**Goal of the exercise:**
All lines from the one with "#64=ADVANCED_FACE('F47',(#63),#60,.F.);" through the last line of the data below should be copied exactly; please add nothing.

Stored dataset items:
╔══
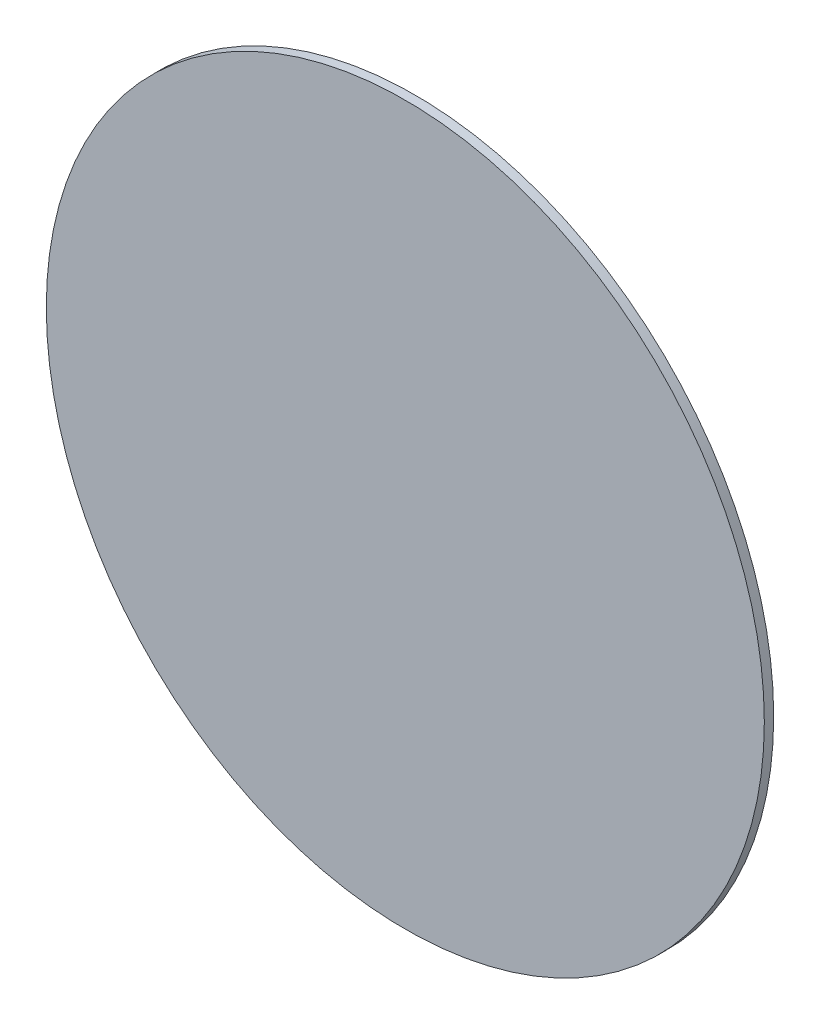
ISO-10303-21;
HEADER;
FILE_DESCRIPTION(('STEP AP214'),'2;1');
FILE_NAME('part.step','',(''),(''),'','','');
FILE_SCHEMA(('AUTOMOTIVE_DESIGN { 1 0 10303 214 1 1 1 1 }'));
ENDSEC;
DATA;
#1=APPLICATION_CONTEXT('core data for automotive mechanical design processes');
#2=APPLICATION_PROTOCOL_DEFINITION('international standard','automotive_design',2000,#1);
#3=PRODUCT_CONTEXT('',#1,'mechanical');
#4=PRODUCT('Part','Part','',(#3));
#5=PRODUCT_RELATED_PRODUCT_CATEGORY('part','',(#4));
#6=PRODUCT_DEFINITION_FORMATION('','',#4);
#7=PRODUCT_DEFINITION_CONTEXT('part definition',#1,'design');
#8=PRODUCT_DEFINITION('design','',#6,#7);
#9=PRODUCT_DEFINITION_SHAPE('','',#8);
#10=(LENGTH_UNIT() NAMED_UNIT(*) SI_UNIT(.MILLI.,.METRE.));
#11=(NAMED_UNIT(*) PLANE_ANGLE_UNIT() SI_UNIT($,.RADIAN.));
#12=(NAMED_UNIT(*) SI_UNIT($,.STERADIAN.) SOLID_ANGLE_UNIT());
#13=UNCERTAINTY_MEASURE_WITH_UNIT(LENGTH_MEASURE(1.E-05),#10,'distance_accuracy_value','');
#14=(GEOMETRIC_REPRESENTATION_CONTEXT(3) GLOBAL_UNCERTAINTY_ASSIGNED_CONTEXT((#13)) GLOBAL_UNIT_ASSIGNED_CONTEXT((#10,
#11,#12)) REPRESENTATION_CONTEXT('',''));
#15=CARTESIAN_POINT('',(0.,0.,0.));
#16=DIRECTION('',(0.,0.,1.));
#17=DIRECTION('',(1.,0.,0.));
#18=AXIS2_PLACEMENT_3D('',#15,#16,#17);
#19=CARTESIAN_POINT('',(0.,0.,10.));
#20=DIRECTION('',(0.,0.,-1.));
#21=DIRECTION('',(-1.,0.,0.));
#22=AXIS2_PLACEMENT_3D('',#19,#20,#21);
#23=CYLINDRICAL_SURFACE('',#22,383.2);
#24=CARTESIAN_POINT('',(0.,0.,10.));
#25=DIRECTION('',(0.,0.,1.));
#26=DIRECTION('',(1.,0.,0.));
#27=AXIS2_PLACEMENT_3D('',#24,#25,#26);
#28=CIRCLE('',#27,383.2);
#29=CARTESIAN_POINT('',(383.2,0.,10.));
#30=VERTEX_POINT('',#29);
#31=EDGE_CURVE('E10',#30,#30,#28,.T.);
#32=ORIENTED_EDGE('',*,*,#31,.F.);
#33=EDGE_LOOP('',(#32));
#34=FACE_BOUND('',#33,.T.);
#35=CARTESIAN_POINT('',(0.,0.,0.));
#36=DIRECTION('',(0.,0.,1.));
#37=DIRECTION('',(1.,0.,0.));
#38=AXIS2_PLACEMENT_3D('',#35,#36,#37);
#39=CIRCLE('',#38,383.2);
#40=CARTESIAN_POINT('',(383.2,0.,0.));
#41=VERTEX_POINT('',#40);
#42=EDGE_CURVE('E37',#41,#41,#39,.T.);
#43=ORIENTED_EDGE('',*,*,#42,.T.);
#44=EDGE_LOOP('',(#43));
#45=FACE_BOUND('',#44,.T.);
#46=ADVANCED_FACE('F34',(#34,#45),#23,.T.);
#47=CARTESIAN_POINT('',(0.,0.,10.));
#48=DIRECTION('',(0.,0.,1.));
#49=DIRECTION('',(1.,0.,0.));
#50=AXIS2_PLACEMENT_3D('',#47,#48,#49);
#51=PLANE('',#50);
#52=ORIENTED_EDGE('',*,*,#31,.T.);
#53=EDGE_LOOP('',(#52));
#54=FACE_BOUND('',#53,.T.);
#55=ADVANCED_FACE('F49',(#54),#51,.T.);
#56=CARTESIAN_POINT('',(0.,0.,0.));
#57=DIRECTION('',(0.,0.,1.));
#58=DIRECTION('',(1.,0.,0.));
#59=AXIS2_PLACEMENT_3D('',#56,#57,#58);
#60=PLANE('',#59);
#61=ORIENTED_EDGE('',*,*,#42,.F.);
#62=EDGE_LOOP('',(#61));
#63=FACE_BOUND('',#62,.T.);
#64=ADVANCED_FACE('F47',(#63),#60,.F.);
#65=CLOSED_SHELL('',(#46,#55,#64));
#66=MANIFOLD_SOLID_BREP('B2',#65);
#67=ADVANCED_BREP_SHAPE_REPRESENTATION('',(#18,#66),#14);
#68=SHAPE_DEFINITION_REPRESENTATION(#9,#67);
ENDSEC;
END-ISO-10303-21;
╚══
**Response for this exercise:**
#64=ADVANCED_FACE('F47',(#63),#60,.F.);
#65=CLOSED_SHELL('',(#46,#55,#64));
#66=MANIFOLD_SOLID_BREP('B2',#65);
#67=ADVANCED_BREP_SHAPE_REPRESENTATION('',(#18,#66),#14);
#68=SHAPE_DEFINITION_REPRESENTATION(#9,#67);
ENDSEC;
END-ISO-10303-21;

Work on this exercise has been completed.